JCK1
A year ago, a hurrah burst out at St. Peter's Square: " Habemus Papam! -- We have a new Pope!" Today, Catholics around the world have come to realize that they were not only cheering a new Pope, they were cheering the beginning of a new era for the Catholic Church.
After a recent meeting with the Pope, Cardinal Christoph Schonborn of Vienna said, "It is fascinating to see how Pope Francis is encouraging, reviving and renewing the Church Indeed, Francis has convinced many reform-minded Catholics that, after more than a decade, the "mundane Church that lives within itself, of itself and for itself" is finally coming to an end, that a Vatican Spring is looming.
Conservative Catholics, for their part, believing the church to be an immovable rock of morality in a fallen, secular world, couldn't hide their dismay and, tend to accuse all of the recent reforms as blatant inconsequential grasps for media attention. The constant refrain from their camp is that Pope Francis is, in no meaningful way, changing the fundamentals of the Catholic Church.

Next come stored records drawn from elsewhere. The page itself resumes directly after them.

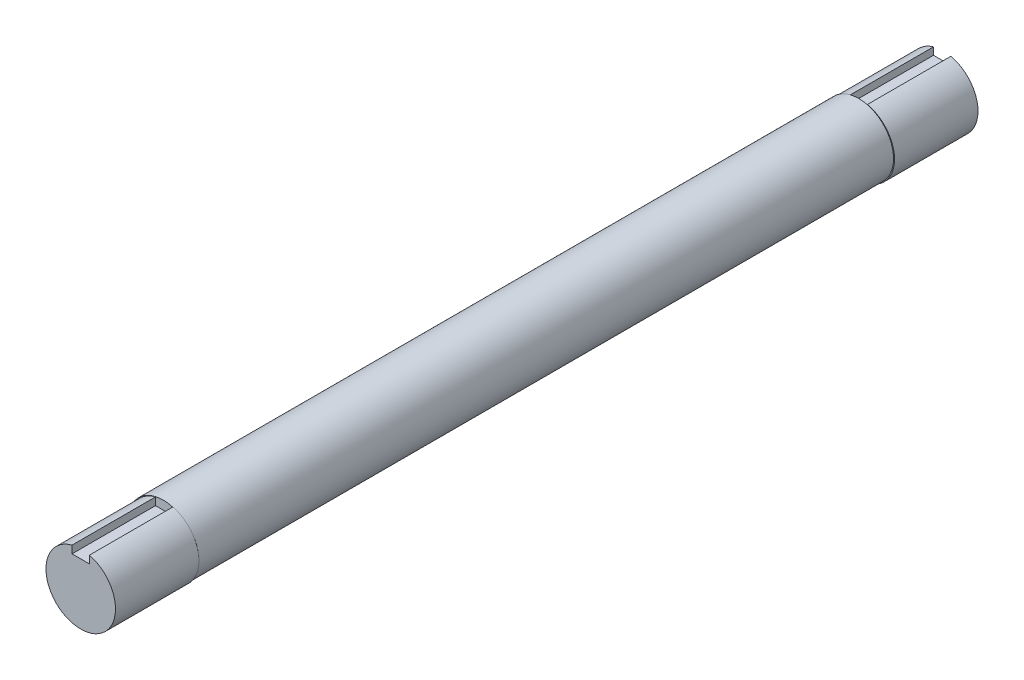
ISO-10303-21;
HEADER;
FILE_DESCRIPTION(('STEP AP214'),'2;1');
FILE_NAME('part.step','',(''),(''),'','','');
FILE_SCHEMA(('AUTOMOTIVE_DESIGN { 1 0 10303 214 1 1 1 1 }'));
ENDSEC;
DATA;
#1=APPLICATION_CONTEXT('core data for automotive mechanical design processes');
#2=APPLICATION_PROTOCOL_DEFINITION('international standard','automotive_design',2000,#1);
#3=PRODUCT_CONTEXT('',#1,'mechanical');
#4=PRODUCT('Part','Part','',(#3));
#5=PRODUCT_RELATED_PRODUCT_CATEGORY('part','',(#4));
#6=PRODUCT_DEFINITION_FORMATION('','',#4);
#7=PRODUCT_DEFINITION_CONTEXT('part definition',#1,'design');
#8=PRODUCT_DEFINITION('design','',#6,#7);
#9=PRODUCT_DEFINITION_SHAPE('','',#8);
#10=(LENGTH_UNIT() NAMED_UNIT(*) SI_UNIT(.MILLI.,.METRE.));
#11=(NAMED_UNIT(*) PLANE_ANGLE_UNIT() SI_UNIT($,.RADIAN.));
#12=(NAMED_UNIT(*) SI_UNIT($,.STERADIAN.) SOLID_ANGLE_UNIT());
#13=UNCERTAINTY_MEASURE_WITH_UNIT(LENGTH_MEASURE(1.E-05),#10,'distance_accuracy_value','');
#14=(GEOMETRIC_REPRESENTATION_CONTEXT(3) GLOBAL_UNCERTAINTY_ASSIGNED_CONTEXT((#13)) GLOBAL_UNIT_ASSIGNED_CONTEXT((#10,
#11,#12)) REPRESENTATION_CONTEXT('',''));
#15=CARTESIAN_POINT('',(0.,0.,0.));
#16=DIRECTION('',(0.,0.,1.));
#17=DIRECTION('',(1.,0.,0.));
#18=AXIS2_PLACEMENT_3D('',#15,#16,#17);
#19=CARTESIAN_POINT('',(-3.69874857792951,0.,0.));
#20=DIRECTION('',(0.,0.,1.));
#21=DIRECTION('',(1.,0.,0.));
#22=AXIS2_PLACEMENT_3D('',#19,#20,#21);
#23=PLANE('',#22);
#24=CARTESIAN_POINT('',(0.,0.,0.));
#25=DIRECTION('',(0.,0.,-1.));
#26=DIRECTION('',(-1.,0.,0.));
#27=AXIS2_PLACEMENT_3D('',#24,#25,#26);
#28=CIRCLE('',#27,127.053849768682);
#29=CARTESIAN_POINT('',(-3.69874857792983,-127.,0.));
#30=VERTEX_POINT('',#29);
#31=CARTESIAN_POINT('',(-35.4487485779296,122.008470875187,0.));
#32=VERTEX_POINT('',#31);
#33=EDGE_CURVE('E11',#30,#32,#28,.T.);
#34=ORIENTED_EDGE('',*,*,#33,.F.);
#35=CARTESIAN_POINT('',(-3.69874857792951,0.,0.));
#36=DIRECTION('',(0.,0.,1.));
#37=DIRECTION('',(1.,0.,0.));
#38=AXIS2_PLACEMENT_3D('',#35,#36,#37);
#39=CIRCLE('',#38,127.);
#40=CARTESIAN_POINT('',(28.0512514220705,122.967221242085,0.));
#41=VERTEX_POINT('',#40);
#42=EDGE_CURVE('E42',#41,#30,#39,.T.);
#43=ORIENTED_EDGE('',*,*,#42,.F.);
#44=DIRECTION('',(0.,1.,0.));
#45=VECTOR('',#44,1.);
#46=CARTESIAN_POINT('',(28.0512514220705,123.918554037313,0.));
#47=LINE('',#46,#45);
#48=CARTESIAN_POINT('',(28.0512514220705,95.25,0.));
#49=VERTEX_POINT('',#48);
#50=EDGE_CURVE('E194',#49,#41,#47,.T.);
#51=ORIENTED_EDGE('',*,*,#50,.F.);
#52=DIRECTION('',(1.,0.,0.));
#53=VECTOR('',#52,1.);
#54=CARTESIAN_POINT('',(28.0512514220705,95.25,0.));
#55=LINE('',#54,#53);
#56=CARTESIAN_POINT('',(-35.4487485779295,95.25,0.));
#57=VERTEX_POINT('',#56);
#58=EDGE_CURVE('E60',#57,#49,#55,.T.);
#59=ORIENTED_EDGE('',*,*,#58,.F.);
#60=DIRECTION('',(0.,-1.,0.));
#61=VECTOR('',#60,1.);
#62=CARTESIAN_POINT('',(-35.4487485779295,122.008470875187,0.));
#63=LINE('',#62,#61);
#64=EDGE_CURVE('E56',#32,#57,#63,.T.);
#65=ORIENTED_EDGE('',*,*,#64,.F.);
#66=EDGE_LOOP('',(#34,#43,#51,#59,#65));
#67=FACE_BOUND('',#66,.T.);
#68=ADVANCED_FACE('F38',(#67),#23,.F.);
#69=CARTESIAN_POINT('',(-3.69874857792951,0.,2540.));
#70=DIRECTION('',(0.,0.,-1.));
#71=DIRECTION('',(-1.,0.,0.));
#72=AXIS2_PLACEMENT_3D('',#69,#70,#71);
#73=CYLINDRICAL_SURFACE('',#72,127.);
#74=CARTESIAN_POINT('',(-3.69874857792951,0.,2540.));
#75=DIRECTION('',(0.,0.,1.));
#76=DIRECTION('',(1.,0.,0.));
#77=AXIS2_PLACEMENT_3D('',#74,#75,#76);
#78=CIRCLE('',#77,127.);
#79=CARTESIAN_POINT('',(31.75,121.95239326991,2540.));
#80=VERTEX_POINT('',#79);
#81=CARTESIAN_POINT('',(3.28730098697605E-13,-126.946127388579,2540.));
#82=VERTEX_POINT('',#81);
#83=EDGE_CURVE('E175',#80,#82,#78,.T.);
#84=ORIENTED_EDGE('',*,*,#83,.F.);
#85=EDGE_CURVE('E177',#82,#80,#78,.T.);
#86=ORIENTED_EDGE('',*,*,#85,.F.);
#87=EDGE_LOOP('',(#84,#86));
#88=FACE_BOUND('',#87,.T.);
#89=ORIENTED_EDGE('',*,*,#42,.T.);
#90=EDGE_CURVE('E174',#30,#41,#39,.T.);
#91=ORIENTED_EDGE('',*,*,#90,.T.);
#92=EDGE_LOOP('',(#89,#91));
#93=FACE_BOUND('',#92,.T.);
#94=ADVANCED_FACE('F40',(#88,#93),#73,.T.);
#95=CARTESIAN_POINT('',(-3.69874857792951,0.,2540.));
#96=DIRECTION('',(0.,0.,1.));
#97=DIRECTION('',(1.,0.,0.));
#98=AXIS2_PLACEMENT_3D('',#95,#96,#97);
#99=PLANE('',#98);
#100=DIRECTION('',(0.,-1.,0.));
#101=VECTOR('',#100,1.);
#102=CARTESIAN_POINT('',(31.75,122.911581061173,2540.));
#103=LINE('',#102,#101);
#104=CARTESIAN_POINT('',(31.75,95.1961273885787,2540.));
#105=VERTEX_POINT('',#104);
#106=EDGE_CURVE('E47',#80,#105,#103,.T.);
#107=ORIENTED_EDGE('',*,*,#106,.F.);
#108=ORIENTED_EDGE('',*,*,#83,.T.);
#109=CARTESIAN_POINT('',(0.,0.,2540.));
#110=DIRECTION('',(0.,0.,1.));
#111=DIRECTION('',(1.,0.,0.));
#112=AXIS2_PLACEMENT_3D('',#109,#110,#111);
#113=CIRCLE('',#112,126.946127388579);
#114=CARTESIAN_POINT('',(-31.75,122.911581061173,2540.));
#115=VERTEX_POINT('',#114);
#116=EDGE_CURVE('E149',#115,#82,#113,.T.);
#117=ORIENTED_EDGE('',*,*,#116,.F.);
#118=DIRECTION('',(0.,1.,0.));
#119=VECTOR('',#118,1.);
#120=CARTESIAN_POINT('',(-31.75,122.911581061173,2540.));
#121=LINE('',#120,#119);
#122=CARTESIAN_POINT('',(-31.75,95.1961273885787,2540.));
#123=VERTEX_POINT('',#122);
#124=EDGE_CURVE('E158',#123,#115,#121,.T.);
#125=ORIENTED_EDGE('',*,*,#124,.F.);
#126=DIRECTION('',(-1.,0.,0.));
#127=VECTOR('',#126,1.);
#128=CARTESIAN_POINT('',(-31.75,95.1961273885787,2540.));
#129=LINE('',#128,#127);
#130=EDGE_CURVE('E139',#105,#123,#129,.T.);
#131=ORIENTED_EDGE('',*,*,#130,.F.);
#132=EDGE_LOOP('',(#107,#108,#117,#125,#131));
#133=FACE_BOUND('',#132,.T.);
#134=ADVANCED_FACE('F223',(#133),#99,.T.);
#135=CARTESIAN_POINT('',(0.,0.,2540.));
#136=DIRECTION('',(0.,0.,1.));
#137=DIRECTION('',(1.,0.,0.));
#138=AXIS2_PLACEMENT_3D('',#135,#136,#137);
#139=PLANE('',#138);
#140=CARTESIAN_POINT('',(31.75,122.911581061173,2540.));
#141=VERTEX_POINT('',#140);
#142=EDGE_CURVE('E161',#82,#141,#113,.T.);
#143=ORIENTED_EDGE('',*,*,#142,.F.);
#144=ORIENTED_EDGE('',*,*,#85,.T.);
#145=EDGE_CURVE('E136',#141,#80,#103,.T.);
#146=ORIENTED_EDGE('',*,*,#145,.F.);
#147=EDGE_LOOP('',(#143,#144,#146));
#148=FACE_BOUND('',#147,.T.);
#149=ADVANCED_FACE('F228',(#148),#139,.F.);
#150=CARTESIAN_POINT('',(31.75,122.911581061173,2844.8));
#151=DIRECTION('',(1.,0.,0.));
#152=DIRECTION('',(0.,1.,0.));
#153=AXIS2_PLACEMENT_3D('',#150,#151,#152);
#154=PLANE('',#153);
#155=ORIENTED_EDGE('',*,*,#145,.T.);
#156=ORIENTED_EDGE('',*,*,#106,.T.);
#157=DIRECTION('',(0.,0.,-1.));
#158=VECTOR('',#157,1.);
#159=CARTESIAN_POINT('',(31.75,95.1961273885787,2844.8));
#160=LINE('',#159,#158);
#161=CARTESIAN_POINT('',(31.75,95.1961273885787,2844.8));
#162=VERTEX_POINT('',#161);
#163=EDGE_CURVE('E172',#162,#105,#160,.T.);
#164=ORIENTED_EDGE('',*,*,#163,.F.);
#165=DIRECTION('',(0.,-1.,0.));
#166=VECTOR('',#165,1.);
#167=CARTESIAN_POINT('',(31.75,122.911581061173,2844.8));
#168=LINE('',#167,#166);
#169=CARTESIAN_POINT('',(31.75,122.911581061173,2844.8));
#170=VERTEX_POINT('',#169);
#171=EDGE_CURVE('E145',#170,#162,#168,.T.);
#172=ORIENTED_EDGE('',*,*,#171,.F.);
#173=DIRECTION('',(0.,0.,-1.));
#174=VECTOR('',#173,1.);
#175=CARTESIAN_POINT('',(31.75,122.911581061173,2844.8));
#176=LINE('',#175,#174);
#177=EDGE_CURVE('E154',#170,#141,#176,.T.);
#178=ORIENTED_EDGE('',*,*,#177,.T.);
#179=EDGE_LOOP('',(#155,#156,#164,#172,#178));
#180=FACE_BOUND('',#179,.T.);
#181=ADVANCED_FACE('F229',(#180),#154,.F.);
#182=CARTESIAN_POINT('',(-31.75,95.1961273885787,2844.8));
#183=DIRECTION('',(0.,-1.,0.));
#184=DIRECTION('',(0.,0.,-1.));
#185=AXIS2_PLACEMENT_3D('',#182,#183,#184);
#186=PLANE('',#185);
#187=ORIENTED_EDGE('',*,*,#130,.T.);
#188=DIRECTION('',(0.,0.,-1.));
#189=VECTOR('',#188,1.);
#190=CARTESIAN_POINT('',(-31.75,95.1961273885787,2844.8));
#191=LINE('',#190,#189);
#192=CARTESIAN_POINT('',(-31.75,95.1961273885787,2844.8));
#193=VERTEX_POINT('',#192);
#194=EDGE_CURVE('E169',#193,#123,#191,.T.);
#195=ORIENTED_EDGE('',*,*,#194,.F.);
#196=DIRECTION('',(-1.,0.,0.));
#197=VECTOR('',#196,1.);
#198=CARTESIAN_POINT('',(-31.75,95.1961273885787,2844.8));
#199=LINE('',#198,#197);
#200=EDGE_CURVE('E148',#162,#193,#199,.T.);
#201=ORIENTED_EDGE('',*,*,#200,.F.);
#202=ORIENTED_EDGE('',*,*,#163,.T.);
#203=EDGE_LOOP('',(#187,#195,#201,#202));
#204=FACE_BOUND('',#203,.T.);
#205=ADVANCED_FACE('F232',(#204),#186,.F.);
#206=CARTESIAN_POINT('',(-31.75,122.911581061173,2844.8));
#207=DIRECTION('',(-1.,0.,0.));
#208=DIRECTION('',(0.,-1.,0.));
#209=AXIS2_PLACEMENT_3D('',#206,#207,#208);
#210=PLANE('',#209);
#211=ORIENTED_EDGE('',*,*,#124,.T.);
#212=DIRECTION('',(0.,0.,-1.));
#213=VECTOR('',#212,1.);
#214=CARTESIAN_POINT('',(-31.75,122.911581061173,2844.8));
#215=LINE('',#214,#213);
#216=CARTESIAN_POINT('',(-31.75,122.911581061173,2844.8));
#217=VERTEX_POINT('',#216);
#218=EDGE_CURVE('E166',#217,#115,#215,.T.);
#219=ORIENTED_EDGE('',*,*,#218,.F.);
#220=DIRECTION('',(0.,1.,0.));
#221=VECTOR('',#220,1.);
#222=CARTESIAN_POINT('',(-31.75,122.911581061173,2844.8));
#223=LINE('',#222,#221);
#224=EDGE_CURVE('E151',#193,#217,#223,.T.);
#225=ORIENTED_EDGE('',*,*,#224,.F.);
#226=ORIENTED_EDGE('',*,*,#194,.T.);
#227=EDGE_LOOP('',(#211,#219,#225,#226));
#228=FACE_BOUND('',#227,.T.);
#229=ADVANCED_FACE('F236',(#228),#210,.F.);
#230=CARTESIAN_POINT('',(0.,0.,2844.8));
#231=DIRECTION('',(0.,0.,-1.));
#232=DIRECTION('',(-1.,0.,0.));
#233=AXIS2_PLACEMENT_3D('',#230,#231,#232);
#234=CYLINDRICAL_SURFACE('',#233,126.946127388579);
#235=ORIENTED_EDGE('',*,*,#116,.T.);
#236=ORIENTED_EDGE('',*,*,#142,.T.);
#237=ORIENTED_EDGE('',*,*,#177,.F.);
#238=CARTESIAN_POINT('',(0.,0.,2844.8));
#239=DIRECTION('',(0.,0.,1.));
#240=DIRECTION('',(1.,0.,0.));
#241=AXIS2_PLACEMENT_3D('',#238,#239,#240);
#242=CIRCLE('',#241,126.946127388579);
#243=EDGE_CURVE('E153',#217,#170,#242,.T.);
#244=ORIENTED_EDGE('',*,*,#243,.F.);
#245=ORIENTED_EDGE('',*,*,#218,.T.);
#246=EDGE_LOOP('',(#235,#236,#237,#244,#245));
#247=FACE_BOUND('',#246,.T.);
#248=ADVANCED_FACE('F240',(#247),#234,.T.);
#249=CARTESIAN_POINT('',(0.,0.,2844.8));
#250=DIRECTION('',(0.,0.,1.));
#251=DIRECTION('',(1.,0.,0.));
#252=AXIS2_PLACEMENT_3D('',#249,#250,#251);
#253=PLANE('',#252);
#254=ORIENTED_EDGE('',*,*,#171,.T.);
#255=ORIENTED_EDGE('',*,*,#200,.T.);
#256=ORIENTED_EDGE('',*,*,#224,.T.);
#257=ORIENTED_EDGE('',*,*,#243,.T.);
#258=EDGE_LOOP('',(#254,#255,#256,#257));
#259=FACE_BOUND('',#258,.T.);
#260=ADVANCED_FACE('F244',(#259),#253,.T.);
#261=CARTESIAN_POINT('',(-35.4487485779295,122.008470875187,-304.8));
#262=DIRECTION('',(-1.,0.,0.));
#263=DIRECTION('',(0.,0.,1.));
#264=AXIS2_PLACEMENT_3D('',#261,#262,#263);
#265=PLANE('',#264);
#266=ORIENTED_EDGE('',*,*,#64,.T.);
#267=DIRECTION('',(0.,0.,1.));
#268=VECTOR('',#267,1.);
#269=CARTESIAN_POINT('',(-35.4487485779295,95.25,-304.8));
#270=LINE('',#269,#268);
#271=CARTESIAN_POINT('',(-35.4487485779295,95.25,-304.8));
#272=VERTEX_POINT('',#271);
#273=EDGE_CURVE('E119',#272,#57,#270,.T.);
#274=ORIENTED_EDGE('',*,*,#273,.F.);
#275=DIRECTION('',(0.,-1.,0.));
#276=VECTOR('',#275,1.);
#277=CARTESIAN_POINT('',(-35.4487485779295,122.008470875187,-304.8));
#278=LINE('',#277,#276);
#279=CARTESIAN_POINT('',(-35.4487485779296,122.008470875187,-304.8));
#280=VERTEX_POINT('',#279);
#281=EDGE_CURVE('E125',#280,#272,#278,.T.);
#282=ORIENTED_EDGE('',*,*,#281,.F.);
#283=DIRECTION('',(0.,0.,1.));
#284=VECTOR('',#283,1.);
#285=CARTESIAN_POINT('',(-35.4487485779296,122.008470875187,-304.8));
#286=LINE('',#285,#284);
#287=EDGE_CURVE('E205',#280,#32,#286,.T.);
#288=ORIENTED_EDGE('',*,*,#287,.T.);
#289=EDGE_LOOP('',(#266,#274,#282,#288));
#290=FACE_BOUND('',#289,.T.);
#291=ADVANCED_FACE('F135',(#290),#265,.F.);
#292=CARTESIAN_POINT('',(28.0512514220705,95.25,-304.8));
#293=DIRECTION('',(0.,-1.,0.));
#294=DIRECTION('',(0.,0.,-1.));
#295=AXIS2_PLACEMENT_3D('',#292,#293,#294);
#296=PLANE('',#295);
#297=ORIENTED_EDGE('',*,*,#58,.T.);
#298=DIRECTION('',(0.,0.,1.));
#299=VECTOR('',#298,1.);
#300=CARTESIAN_POINT('',(28.0512514220705,95.25,-304.8));
#301=LINE('',#300,#299);
#302=CARTESIAN_POINT('',(28.0512514220705,95.25,-304.8));
#303=VERTEX_POINT('',#302);
#304=EDGE_CURVE('E121',#303,#49,#301,.T.);
#305=ORIENTED_EDGE('',*,*,#304,.F.);
#306=DIRECTION('',(1.,0.,0.));
#307=VECTOR('',#306,1.);
#308=CARTESIAN_POINT('',(28.0512514220705,95.25,-304.8));
#309=LINE('',#308,#307);
#310=EDGE_CURVE('E115',#272,#303,#309,.T.);
#311=ORIENTED_EDGE('',*,*,#310,.F.);
#312=ORIENTED_EDGE('',*,*,#273,.T.);
#313=EDGE_LOOP('',(#297,#305,#311,#312));
#314=FACE_BOUND('',#313,.T.);
#315=ADVANCED_FACE('F117',(#314),#296,.F.);
#316=CARTESIAN_POINT('',(28.0512514220705,123.918554037313,-304.8));
#317=DIRECTION('',(1.,0.,0.));
#318=DIRECTION('',(0.,0.,-1.));
#319=AXIS2_PLACEMENT_3D('',#316,#317,#318);
#320=PLANE('',#319);
#321=ORIENTED_EDGE('',*,*,#50,.T.);
#322=CARTESIAN_POINT('',(28.0512514220705,123.918554037313,0.));
#323=VERTEX_POINT('',#322);
#324=EDGE_CURVE('E195',#41,#323,#47,.T.);
#325=ORIENTED_EDGE('',*,*,#324,.T.);
#326=DIRECTION('',(0.,0.,1.));
#327=VECTOR('',#326,1.);
#328=CARTESIAN_POINT('',(28.0512514220705,123.918554037313,-304.8));
#329=LINE('',#328,#327);
#330=CARTESIAN_POINT('',(28.0512514220705,123.918554037313,-304.8));
#331=VERTEX_POINT('',#330);
#332=EDGE_CURVE('E141',#331,#323,#329,.T.);
#333=ORIENTED_EDGE('',*,*,#332,.F.);
#334=DIRECTION('',(0.,1.,0.));
#335=VECTOR('',#334,1.);
#336=CARTESIAN_POINT('',(28.0512514220705,123.918554037313,-304.8));
#337=LINE('',#336,#335);
#338=EDGE_CURVE('E124',#303,#331,#337,.T.);
#339=ORIENTED_EDGE('',*,*,#338,.F.);
#340=ORIENTED_EDGE('',*,*,#304,.T.);
#341=EDGE_LOOP('',(#321,#325,#333,#339,#340));
#342=FACE_BOUND('',#341,.T.);
#343=ADVANCED_FACE('F201',(#342),#320,.F.);
#344=CARTESIAN_POINT('',(0.,0.,-304.8));
#345=DIRECTION('',(0.,0.,1.));
#346=DIRECTION('',(1.,0.,0.));
#347=AXIS2_PLACEMENT_3D('',#344,#345,#346);
#348=CYLINDRICAL_SURFACE('',#347,127.053849768682);
#349=EDGE_CURVE('E49',#323,#30,#28,.T.);
#350=ORIENTED_EDGE('',*,*,#349,.T.);
#351=ORIENTED_EDGE('',*,*,#33,.T.);
#352=ORIENTED_EDGE('',*,*,#287,.F.);
#353=CARTESIAN_POINT('',(0.,0.,-304.8));
#354=DIRECTION('',(0.,0.,-1.));
#355=DIRECTION('',(-1.,0.,0.));
#356=AXIS2_PLACEMENT_3D('',#353,#354,#355);
#357=CIRCLE('',#356,127.053849768682);
#358=EDGE_CURVE('E130',#331,#280,#357,.T.);
#359=ORIENTED_EDGE('',*,*,#358,.F.);
#360=ORIENTED_EDGE('',*,*,#332,.T.);
#361=EDGE_LOOP('',(#350,#351,#352,#359,#360));
#362=FACE_BOUND('',#361,.T.);
#363=ADVANCED_FACE('F207',(#362),#348,.T.);
#364=CARTESIAN_POINT('',(0.,0.,-304.8));
#365=DIRECTION('',(0.,0.,-1.));
#366=DIRECTION('',(-1.,0.,0.));
#367=AXIS2_PLACEMENT_3D('',#364,#365,#366);
#368=PLANE('',#367);
#369=ORIENTED_EDGE('',*,*,#281,.T.);
#370=ORIENTED_EDGE('',*,*,#310,.T.);
#371=ORIENTED_EDGE('',*,*,#338,.T.);
#372=ORIENTED_EDGE('',*,*,#358,.T.);
#373=EDGE_LOOP('',(#369,#370,#371,#372));
#374=FACE_BOUND('',#373,.T.);
#375=ADVANCED_FACE('F128',(#374),#368,.T.);
#376=CARTESIAN_POINT('',(0.,0.,0.));
#377=DIRECTION('',(0.,0.,-1.));
#378=DIRECTION('',(-1.,0.,0.));
#379=AXIS2_PLACEMENT_3D('',#376,#377,#378);
#380=PLANE('',#379);
#381=ORIENTED_EDGE('',*,*,#90,.F.);
#382=ORIENTED_EDGE('',*,*,#349,.F.);
#383=ORIENTED_EDGE('',*,*,#324,.F.);
#384=EDGE_LOOP('',(#381,#382,#383));
#385=FACE_BOUND('',#384,.T.);
#386=ADVANCED_FACE('F196',(#385),#380,.F.);
#387=CLOSED_SHELL('',(#68,#94,#134,#149,#181,#205,#229,#248,#260,#291,#315,#343,#363,#375,#386));
#388=MANIFOLD_SOLID_BREP('B2',#387);
#389=ADVANCED_BREP_SHAPE_REPRESENTATION('',(#18,#388),#14);
#390=SHAPE_DEFINITION_REPRESENTATION(#9,#389);
ENDSEC;
END-ISO-10303-21;

2000 years of Church history, however, have shown that change, both in style and substance, is the norm rather than the exception. Many Vatican observers note that such change can be seen in the creative theological thinking behind the Pope's titling of his latest Apostolic Exhortation "Joy of the Gospel" rather than "Truth of the Gospel." Francis, they argue, wishes to rebrand the Catholic Church as one that is open, welcoming and compassionate, as opposed to one obsessed with rules and regulations, constantly nagging the faithful as well as the public.
"Who am I to judge?" Five words that, when uttered by the newly-elected Pope, shock the world and leave breathless many clericals so used to citing "Papal infallibility" in defending everything from church doctrine to priestly power. The shockwaves continue as the pope refuses to sit in judgment of gay priests, and demonstrates much more leniency towards atheists, unwed mothers and the divorced, all of whom were either condemned or censured by his predecessors.
Pope Francis acknowledges that the Church does not have all the answers, emphasizing the idea of the church is a learning institution that "needs to grow in her interpretation of the revealed Word and in her understanding of truth." He advocates decentralization of the Church teaching office and encourages a more horizontal Ecclesiology. To those conservatives yearning for continuity, desiring a monolithic, small, and pure ecclesiastical body, Francis affirms "we need to listen to and complement one another in our partial reception on reality and the Gospel."
John Paul II spent 15 years rewriting the catechism that was so fiercely reinforced by Benedict, desperate to preserve traditional Catholicism by forcing Catholics to prove their adherence to church teachings, challenging them to answer the question: Are you qualified to be a Catholic? Francis, for his part, sees the Church as "the house of the Father, where there is a place for everyone, with all his or her problems". He urges priests to reach out to people on the streets, and cited Vatican II when he said that the Church is a pilgrimage, and is thus in need of transformation rather than resting on some laurels.
The Pope is a Jesuit, a people who speak of themselves as companions of Jesus, of the suffering Jesus who is present in and amongst the poor, who identifies with the vulnerable, and stands with them to be the voice of their liberation. This notion constitutes, indeed, the biblical rationale for Liberation Theology. It is no coincidence, therefore, that this first non-European pope, hailing from Latin America, the cradle of Liberation Theology, calls unfettered capitalism "a new tyranny".